Find the line containing "ratio=1, start_angle=224.8113, end_angle=239.401)" in the records below. Copy exactly that line and each one after it, ending at the line containing "edge.add_line((3282.445, 65.439), (3282.445, 65.261))", and nothing more.

##### Available data #####

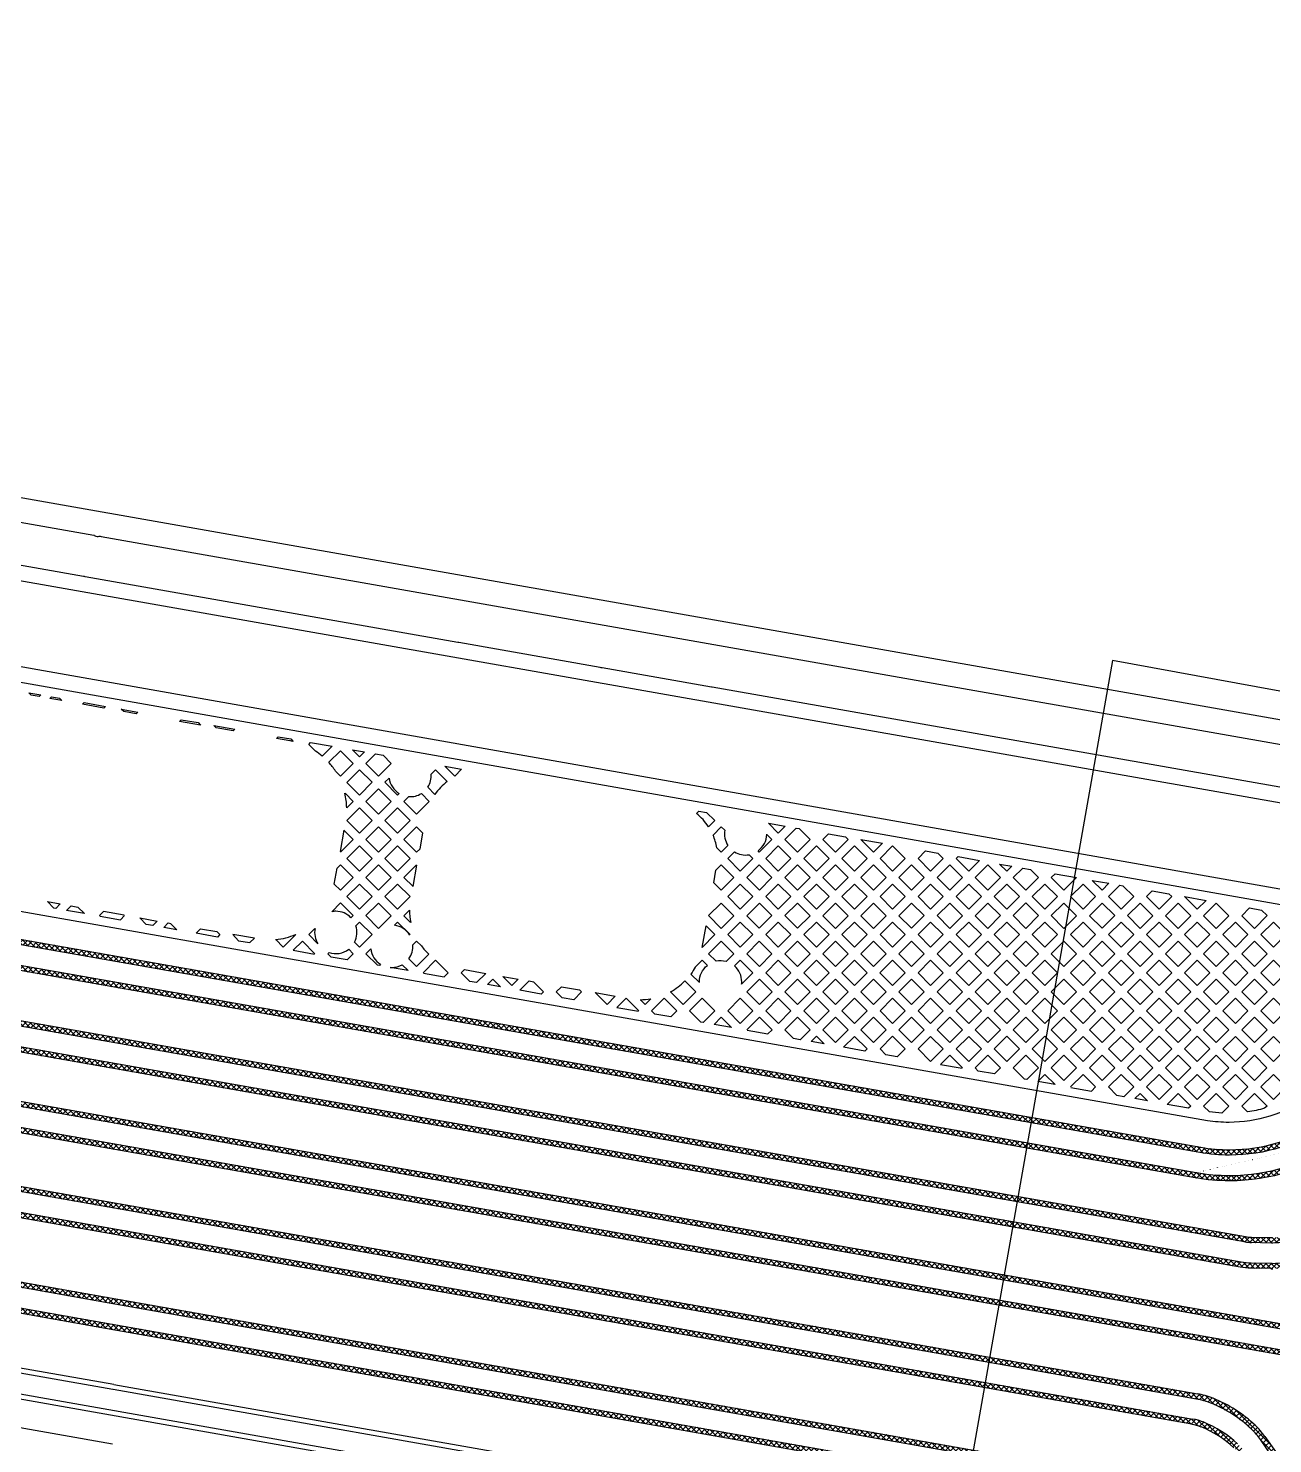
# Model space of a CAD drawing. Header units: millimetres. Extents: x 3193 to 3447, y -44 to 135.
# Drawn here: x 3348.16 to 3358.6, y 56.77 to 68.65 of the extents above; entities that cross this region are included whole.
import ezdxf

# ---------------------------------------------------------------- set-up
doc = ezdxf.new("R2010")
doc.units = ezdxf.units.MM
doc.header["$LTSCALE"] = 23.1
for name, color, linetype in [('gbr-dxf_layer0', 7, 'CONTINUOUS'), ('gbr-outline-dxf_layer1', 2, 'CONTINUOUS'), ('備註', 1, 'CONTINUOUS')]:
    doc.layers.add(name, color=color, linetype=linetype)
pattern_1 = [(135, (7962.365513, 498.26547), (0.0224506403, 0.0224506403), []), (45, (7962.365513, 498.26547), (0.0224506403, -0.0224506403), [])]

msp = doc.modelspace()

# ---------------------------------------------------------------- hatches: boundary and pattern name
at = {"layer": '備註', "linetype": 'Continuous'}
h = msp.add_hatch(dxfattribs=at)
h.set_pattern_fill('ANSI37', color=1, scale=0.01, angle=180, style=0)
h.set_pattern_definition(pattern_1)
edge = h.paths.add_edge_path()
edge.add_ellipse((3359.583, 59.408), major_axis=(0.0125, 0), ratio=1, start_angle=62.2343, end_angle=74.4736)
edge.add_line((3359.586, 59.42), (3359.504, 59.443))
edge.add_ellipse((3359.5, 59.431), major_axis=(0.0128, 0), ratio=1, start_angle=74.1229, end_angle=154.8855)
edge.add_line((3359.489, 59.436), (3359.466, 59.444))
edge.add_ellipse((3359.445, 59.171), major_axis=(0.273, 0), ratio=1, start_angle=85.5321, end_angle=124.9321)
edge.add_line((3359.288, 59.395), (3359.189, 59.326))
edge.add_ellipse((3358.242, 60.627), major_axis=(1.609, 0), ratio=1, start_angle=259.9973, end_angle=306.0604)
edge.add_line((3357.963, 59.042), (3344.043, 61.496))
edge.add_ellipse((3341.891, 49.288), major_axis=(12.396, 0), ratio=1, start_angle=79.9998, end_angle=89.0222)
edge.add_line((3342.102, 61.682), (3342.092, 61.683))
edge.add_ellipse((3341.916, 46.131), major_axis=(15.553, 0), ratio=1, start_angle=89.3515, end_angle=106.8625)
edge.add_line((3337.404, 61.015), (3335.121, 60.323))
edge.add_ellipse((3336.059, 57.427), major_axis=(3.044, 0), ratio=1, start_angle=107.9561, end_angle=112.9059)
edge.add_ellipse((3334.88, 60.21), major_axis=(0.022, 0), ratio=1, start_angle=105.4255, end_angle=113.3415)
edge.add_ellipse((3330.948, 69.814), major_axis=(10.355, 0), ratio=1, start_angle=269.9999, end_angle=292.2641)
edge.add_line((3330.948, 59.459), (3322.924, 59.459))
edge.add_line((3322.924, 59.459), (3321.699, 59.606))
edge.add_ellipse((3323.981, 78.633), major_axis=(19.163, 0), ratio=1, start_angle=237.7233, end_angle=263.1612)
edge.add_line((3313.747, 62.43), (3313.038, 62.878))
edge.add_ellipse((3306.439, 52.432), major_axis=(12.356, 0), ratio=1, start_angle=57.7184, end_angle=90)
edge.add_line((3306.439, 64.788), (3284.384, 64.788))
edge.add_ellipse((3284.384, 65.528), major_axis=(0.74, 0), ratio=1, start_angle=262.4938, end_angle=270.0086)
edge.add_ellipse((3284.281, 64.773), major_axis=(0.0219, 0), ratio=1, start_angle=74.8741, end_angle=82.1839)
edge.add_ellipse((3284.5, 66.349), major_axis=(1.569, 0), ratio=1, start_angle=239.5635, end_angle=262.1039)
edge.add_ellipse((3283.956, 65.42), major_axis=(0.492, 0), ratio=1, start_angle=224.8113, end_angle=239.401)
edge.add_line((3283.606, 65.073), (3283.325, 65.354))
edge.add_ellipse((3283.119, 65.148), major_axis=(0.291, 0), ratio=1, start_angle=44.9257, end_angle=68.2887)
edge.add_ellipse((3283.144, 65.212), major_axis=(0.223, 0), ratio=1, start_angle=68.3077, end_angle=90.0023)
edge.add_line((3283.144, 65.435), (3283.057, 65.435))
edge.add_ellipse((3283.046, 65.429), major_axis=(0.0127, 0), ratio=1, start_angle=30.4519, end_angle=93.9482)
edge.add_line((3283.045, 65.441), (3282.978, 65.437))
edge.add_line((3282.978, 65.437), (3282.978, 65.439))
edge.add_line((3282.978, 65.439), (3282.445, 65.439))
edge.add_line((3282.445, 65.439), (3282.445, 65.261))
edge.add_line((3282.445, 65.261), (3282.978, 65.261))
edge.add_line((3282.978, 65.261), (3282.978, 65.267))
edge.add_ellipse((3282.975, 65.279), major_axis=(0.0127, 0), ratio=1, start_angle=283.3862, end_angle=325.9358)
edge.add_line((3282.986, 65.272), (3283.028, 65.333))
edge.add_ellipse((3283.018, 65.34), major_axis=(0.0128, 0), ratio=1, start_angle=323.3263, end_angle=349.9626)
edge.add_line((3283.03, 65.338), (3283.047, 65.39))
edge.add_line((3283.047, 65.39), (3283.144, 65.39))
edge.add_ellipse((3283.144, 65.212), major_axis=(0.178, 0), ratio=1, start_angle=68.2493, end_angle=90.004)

#####

# [Expected answer]
edge.add_ellipse((3283.956, 65.42), major_axis=(0.492, 0), ratio=1, start_angle=224.8113, end_angle=239.401)
edge.add_line((3283.606, 65.073), (3283.325, 65.354))
edge.add_ellipse((3283.119, 65.148), major_axis=(0.291, 0), ratio=1, start_angle=44.9257, end_angle=68.2887)
edge.add_ellipse((3283.144, 65.212), major_axis=(0.223, 0), ratio=1, start_angle=68.3077, end_angle=90.0023)
edge.add_line((3283.144, 65.435), (3283.057, 65.435))
edge.add_ellipse((3283.046, 65.429), major_axis=(0.0127, 0), ratio=1, start_angle=30.4519, end_angle=93.9482)
edge.add_line((3283.045, 65.441), (3282.978, 65.437))
edge.add_line((3282.978, 65.437), (3282.978, 65.439))
edge.add_line((3282.978, 65.439), (3282.445, 65.439))
edge.add_line((3282.445, 65.439), (3282.445, 65.261))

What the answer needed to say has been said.